На тумбочке фарфоровая скульптура. Мальчишка, сидя на корточках, держал куски разбитой им чайной чашки. Он не боялся мамы, не жалел чашку, а мучительно с наивным мальчишеским глубокомыслием пытался понять, как это произошло: почему вполне хорошая чашка вдруг превратилась в куски, почему из этих кусков, так точно подходивших друг к другу, нельзя опять сложить чашку?

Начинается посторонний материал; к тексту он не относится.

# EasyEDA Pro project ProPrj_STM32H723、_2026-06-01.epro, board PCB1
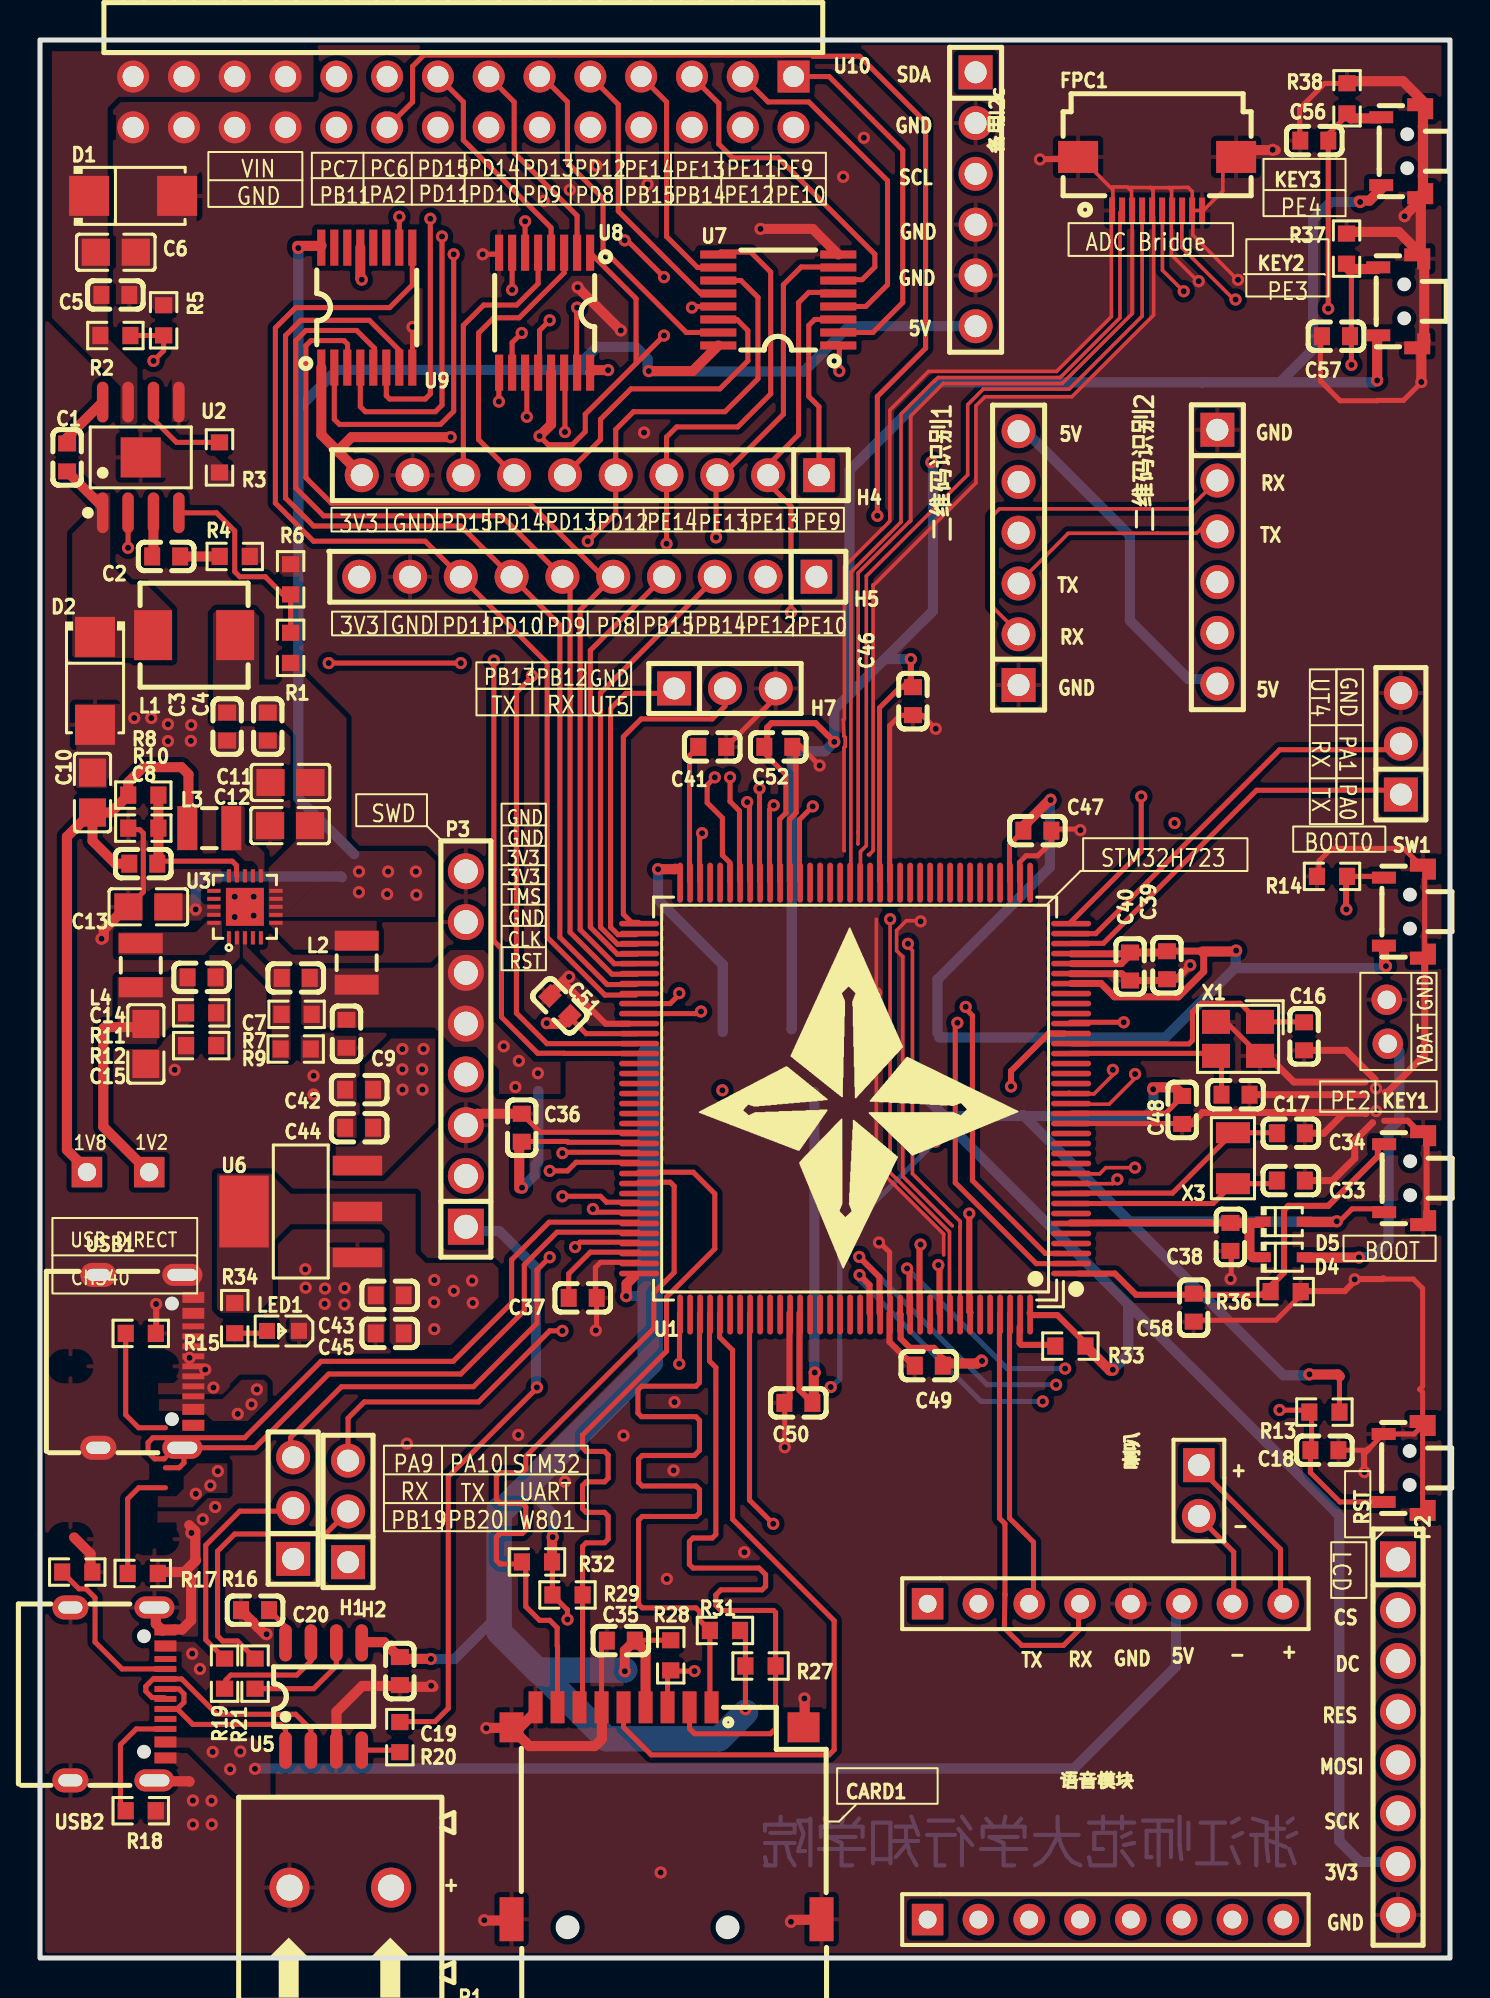
[diagram p4: board, top side]
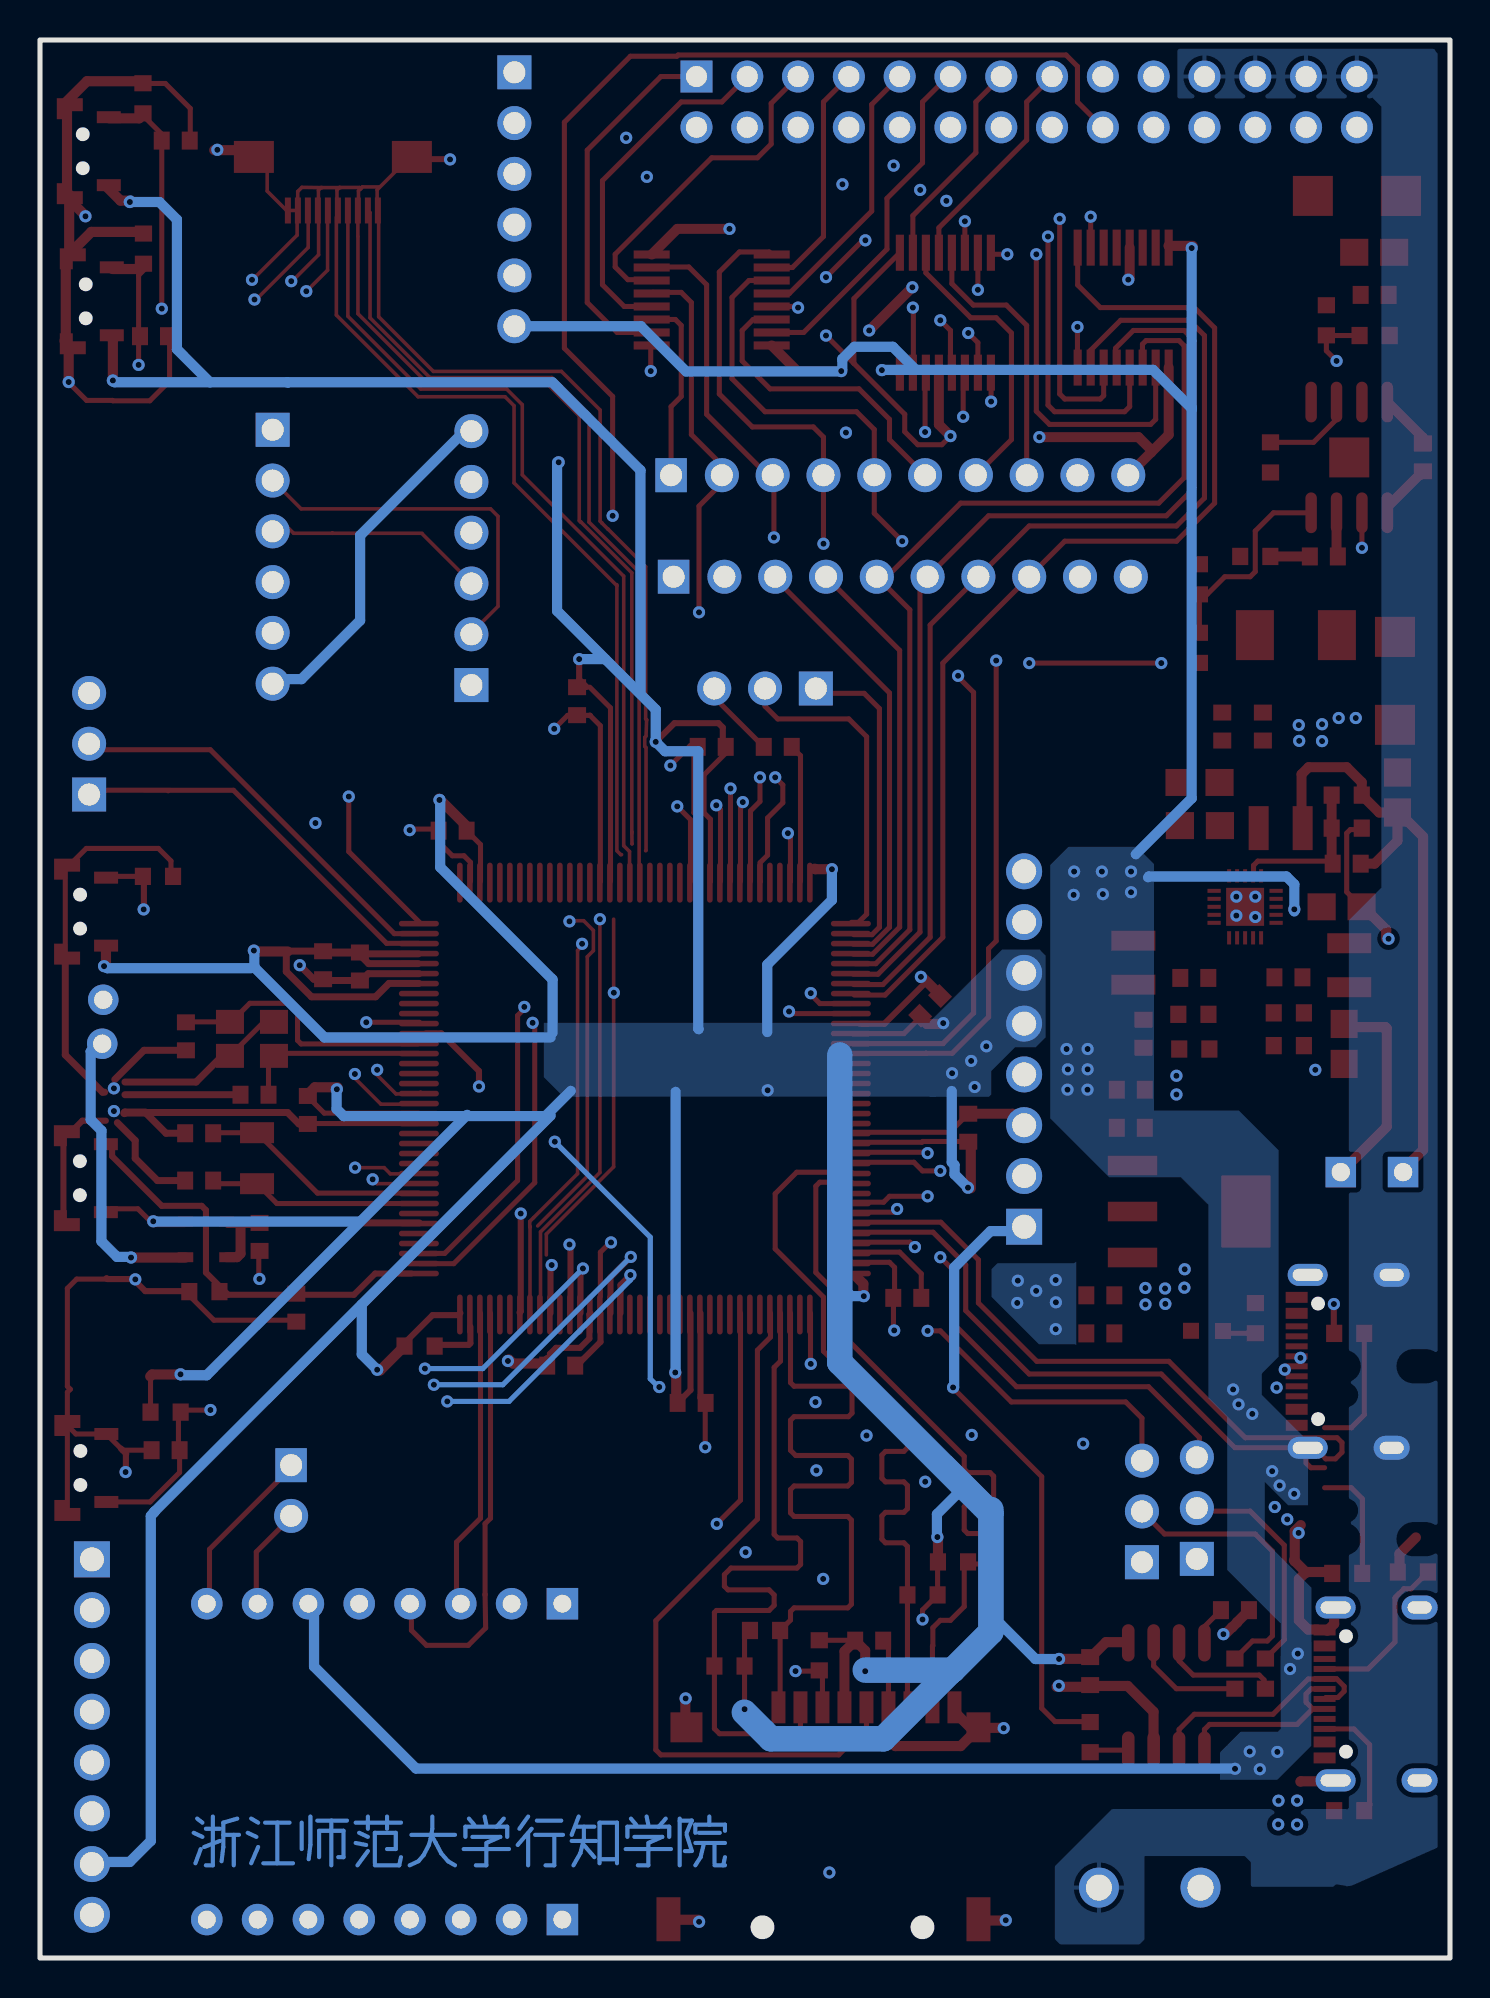
[diagram p5: board, bottom side, seen from below]

Outline 70.5 x 95.94 mm; copper layers: Top Layer, 内层1, 内层2, Bottom Layer. Coordinates in mm from the lower left corner of the outline.
Outline path: rectangle 0,95.94 70.5,0
Stack: Top Layer 0.035mm 外层铜厚1oz / Dielectric1 0.2104mm 7628 RC49% 8.6mil / 内层1 0.0152mm 内层铜厚 / Dielectric2 1.065mm 1.1mm H/HOZ Copper / 内层2 0.0152mm 内层铜厚 / Dielectric3 0.2104mm 7628 RC49% 8.6mil / Bottom Layer 0.035mm 外层铜厚1oz

## Design rules (mm)
spacing copperThickness1oz (default): track to track 0.102, other pairs 0.152 to 0.3
spacing copperThickness2oz: track to track 0.203, other pairs 0.152 to 0.3
spacing Plane_innerPlane: track to track 0.102, other pairs 0.152 to 0.3
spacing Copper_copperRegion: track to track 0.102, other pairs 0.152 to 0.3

Не похож ли я сейчас на этого мальчишку?

В институте мы два года крепко дружили с Людой. Она любила меня, а вот я её... Два года мы сидели с ней за одним столом, и если Люда почему-нибудь не приходила на занятия, то я слушал лекции рассеянно. Однажды она занозила себе палец. Он стал нарывать, и до того болел, что она не спала ночами и даже плакала от боли. В это время у меня тоже будто болел палец. Все это так, а вот жениться на Люде я не мог. Ведь в институте я был «прекрасно болен» романтикой, жаждой великих открытий и жену свою видел человеком с большой поэтической душой. И не знаю, то ли от сказок, рассказанных мне на кларнете Стефаном Адамовичем, то ли от моей любви к музыке, я считал музыкантов самыми романтическими людьми, поэтому и решил жениться только на пианистке, скрипачке или певице. Ну, а что Людка? Всего-навсего будет прорабом. Производителем работ. Скучища-то какая! Кроме того, она казалась мне очень хозяйственной девушкой, а хозяйственных жён я остерегался как огня. Ещё бы. Вечные подсчёты копеек, безграничное желание иметь их все больше и больше. А модные платья, шляпки, рыжие и чёрные лисицы? А дети пойдут с их коклюшами и скарлатинами? Жена станет гусыней шипеть и ничего не захочет видеть, кроме своего выводка. Все это я относил и к Люде, потому что у неё была ласка, доброта, мягкое женское сердце, но не было, казалось мне, полёта фантазии, дерзкой мысли. Словом, я считал, что она, выйдя замуж, обабится, станет заправской образованной мещанкой. Поэтому я и уехал.

Теперь от моих фантазий осталась, пожалуй, только пыль, которая иногда скребёт в горле и порошит глаза. И всё-таки я зачем-то пришёл сюда. Неужели и другие люди бывают в тридцать лет такими наивными, как я, как этот пятилетний мальчишка? Я разбил свою чашку. Сколько осколков растерялось за эти годы? А хоть бы не растерялось, так разве смогу я теперь сложить рисунок своими грубыми пальцами?

Я вышел на балкон и сел на раскладной брезентовый стул. Длинная тень дома своим полумраком притушила серебро маслин и золото клёнов. Синица - осенний соловей - уже насвистывала кому-то колыбельную. Прямо за асфальтом начиналась степь и уходила мимо арматурного завода к туманному горизонту. Солнце ещё ярко освещало с лета пожелтевшие травы, облысевшие холмики, россыпи серых песков, а дремотное посвистывание синицы уже возвещало о близости ночи, и все внимало этой песне и начинало дремать.